---------- The records

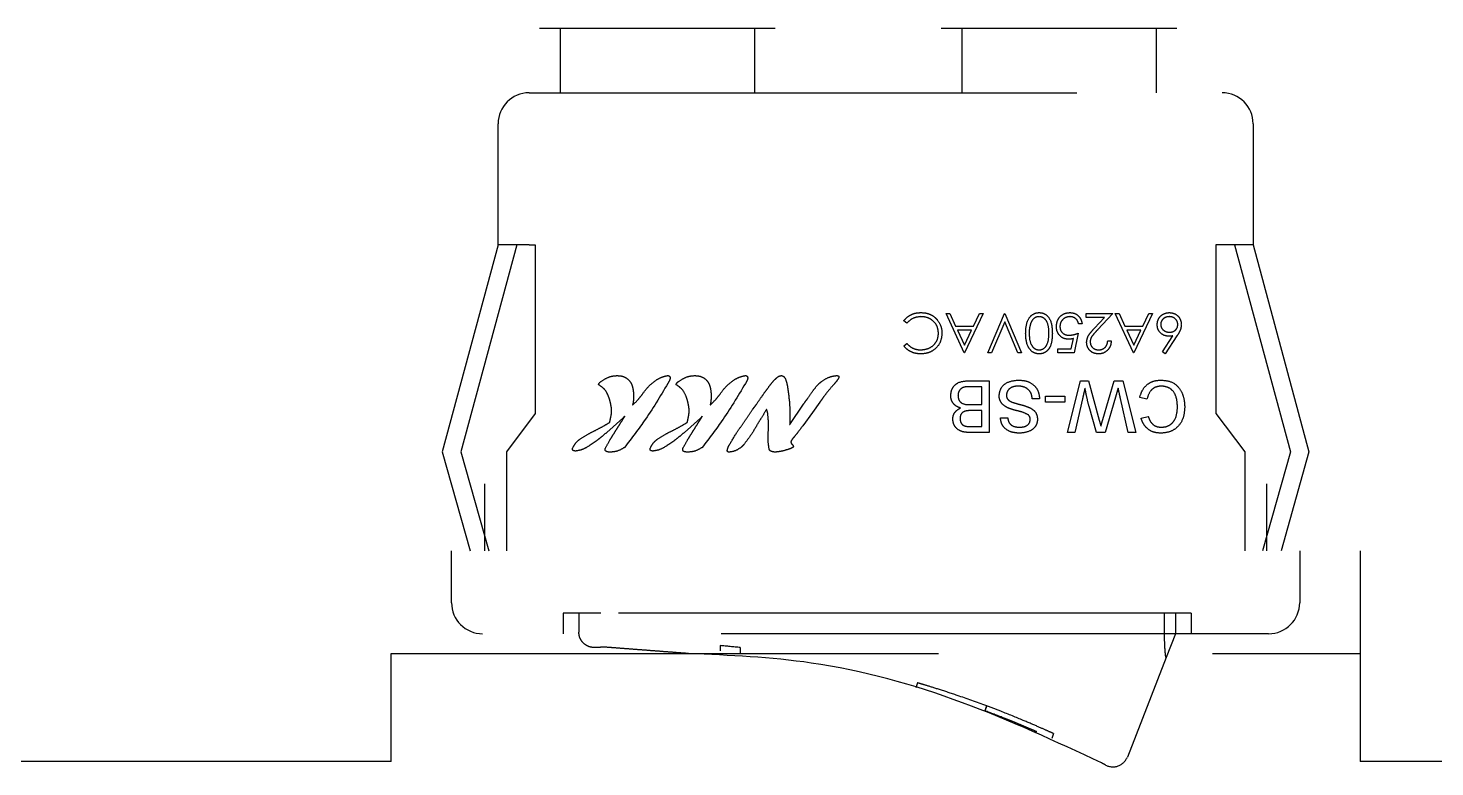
# Paper-space layout '2 DOOR PANEL LAYOUT - A1 Sheet' of a CAD drawing. Extents: x 50 to 825, y 22 to 486.
# Drawn here: x 438.407 to 442.903, y 461.147 to 463.508 of the extents above; entities that cross this region are included whole.
import ezdxf

# ---------------------------------------------------------------- set-up
doc = ezdxf.new("R2010")
doc.units = 0
doc.linetypes.add('HIDDEN', pattern=[0.375, 0.25, -0.125])
doc.layers.add('N-EQPM', color=3, linetype='Continuous', lineweight=25)

psp = doc.layouts.new('2 DOOR PANEL LAYOUT - A1 Sheet')

# ---------------------------------------------------------------- linework, layer by layer
at = {"layer": 'N-EQPM', "linetype": 'HIDDEN', "ltscale": 7}
for p, q in [((440.0415, 463.508), (440.7951, 463.508)), ((440.1076, 463.508), (440.1076, 463.3014)), ((440.729, 463.508), (440.729, 463.3014)), ((441.3249, 463.508), (442.0785, 463.508)), ((441.391, 463.508), (441.391, 463.3014)), ((442.0124, 463.508), (442.0124, 463.3014)), ((440.0084, 463.3014), (442.2232, 463.3014)), ((439.9092, 462.8154), (439.9092, 463.2022)), ((442.3223, 463.2022), (442.3223, 462.8154)), ((439.9092, 462.8154), (439.7307, 462.1543)), ((439.9687, 462.8154), (439.7902, 462.1543)), ((440.0084, 462.8154), (439.9092, 462.8154)), ((440.0084, 462.8154), (440.0282, 462.8154)), ((440.0282, 462.8154), (440.0282, 462.2766)), ((442.2232, 462.8154), (442.2033, 462.8154)), ((442.2033, 462.8154), (442.2033, 462.2766)), ((442.3223, 462.8154), (442.2232, 462.8154)), ((442.2628, 462.8154), (442.4413, 462.1543)), ((442.3223, 462.8154), (442.5008, 462.1543)), ((441.3408, 462.5956), (441.3531, 462.5956)), ((441.3988, 462.47), (441.3408, 462.5956)), ((441.3531, 462.5956), (441.3716, 462.5553)), ((441.46, 462.5956), (441.4004, 462.47)), ((441.4286, 462.5553), (441.4477, 462.5956)), ((441.4477, 462.5956), (441.46, 462.5956)), ((441.4745, 462.47), (441.5276, 462.5956)), ((441.5276, 462.5956), (441.5292, 462.5956)), ((441.5292, 462.5956), (441.5824, 462.47)), ((441.7885, 462.5956), (441.8739, 462.5956)), ((441.7885, 462.5827), (441.7885, 462.5956)), ((441.847, 462.5827), (441.7885, 462.5827)), ((441.8155, 462.5492), (441.847, 462.5827)), ((441.8739, 462.5956), (441.8252, 462.5436)), ((441.8819, 462.5956), (441.8942, 462.5956)), ((441.9399, 462.47), (441.8819, 462.5956)), ((441.8942, 462.5956), (441.9128, 462.5553)), ((442.0011, 462.5956), (441.9415, 462.47)), ((441.9697, 462.5553), (441.9888, 462.5956)), ((441.9888, 462.5956), (442.0011, 462.5956)), ((441.2154, 462.565), (441.2055, 462.5725)), ((441.3716, 462.5553), (441.4286, 462.5553)), ((441.4225, 462.5425), (441.3776, 462.5425)), ((441.3776, 462.5425), (441.3997, 462.4945)), ((441.3997, 462.4945), (441.4225, 462.5425)), ((441.5284, 462.569), (441.4866, 462.47)), ((441.5703, 462.47), (441.5284, 462.569)), ((441.7628, 462.5328), (441.7499, 462.47)), ((441.7756, 462.5634), (441.7644, 462.5634)), ((441.9128, 462.5553), (441.9697, 462.5553)), ((441.9636, 462.5425), (441.9187, 462.5425)), ((441.9187, 462.5425), (441.9408, 462.4945)), ((441.9408, 462.4945), (441.9636, 462.5425)), ((441.2055, 462.493), (441.2154, 462.5006)), ((441.7411, 462.4829), (441.7478, 462.5159)), ((441.8578, 462.5086), (441.869, 462.5086)), ((442.0327, 462.4736), (442.0659, 462.5243)), ((442.0789, 462.5241), (442.0414, 462.4668)), ((441.4004, 462.47), (441.3988, 462.47)), ((441.4866, 462.47), (441.4745, 462.47)), ((441.5824, 462.47), (441.5703, 462.47)), ((441.6983, 462.4829), (441.7411, 462.4829)), ((441.6983, 462.47), (441.6983, 462.4829)), ((441.7499, 462.47), (441.6983, 462.47)), ((441.9415, 462.47), (441.9399, 462.47)), ((442.0414, 462.4668), (442.0327, 462.4736)), ((441.4554, 462.3619), (441.4163, 462.3619)), ((441.4167, 462.3809), (441.4787, 462.3809)), ((441.4554, 462.3046), (441.4554, 462.3619)), ((441.4787, 462.3809), (441.4787, 462.2156)), ((441.7288, 462.2156), (441.7704, 462.3809)), ((441.7704, 462.3809), (441.7961, 462.3809)), ((441.7961, 462.3809), (441.8306, 462.2546)), ((441.842, 462.2573), (441.8778, 462.3809)), ((441.8778, 462.3809), (441.9054, 462.3809)), ((441.9054, 462.3809), (441.947, 462.2156)), ((440.8418, 462.2413), (440.8857, 462.3064)), ((440.9374, 462.3127), (440.914, 462.2796)), ((441.419, 462.3046), (441.4554, 462.3046)), ((441.6398, 462.3237), (441.6165, 462.3237)), ((441.6589, 462.3131), (441.6589, 462.3322)), ((441.6589, 462.3322), (441.7203, 462.3322)), ((441.7203, 462.3131), (441.6589, 462.3131)), ((441.7203, 462.3322), (441.7203, 462.3131)), ((441.7772, 462.3237), (441.7528, 462.2156)), ((441.8824, 462.3284), (441.8497, 462.2156)), ((441.923, 462.2156), (441.8984, 462.3243)), ((441.9831, 462.3226), (441.9597, 462.328)), ((440.0282, 462.2766), (439.9357, 462.1543)), ((440.3079, 462.2619), (440.2567, 462.2158)), ((440.3135, 462.2678), (440.3079, 462.2619)), ((440.3138, 462.2669), (440.3135, 462.2678)), ((440.339, 462.3037), (440.3396, 462.3037)), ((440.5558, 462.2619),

--------------------

# Exercise prompt
Look through the material above and pick out each line holding the word "DOOR".

# Written answer
# Paper-space layout '2 DOOR PANEL LAYOUT - A1 Sheet' of a CAD drawing. Extents: x 50 to 825, y 22 to 486.
psp = doc.layouts.new('2 DOOR PANEL LAYOUT - A1 Sheet')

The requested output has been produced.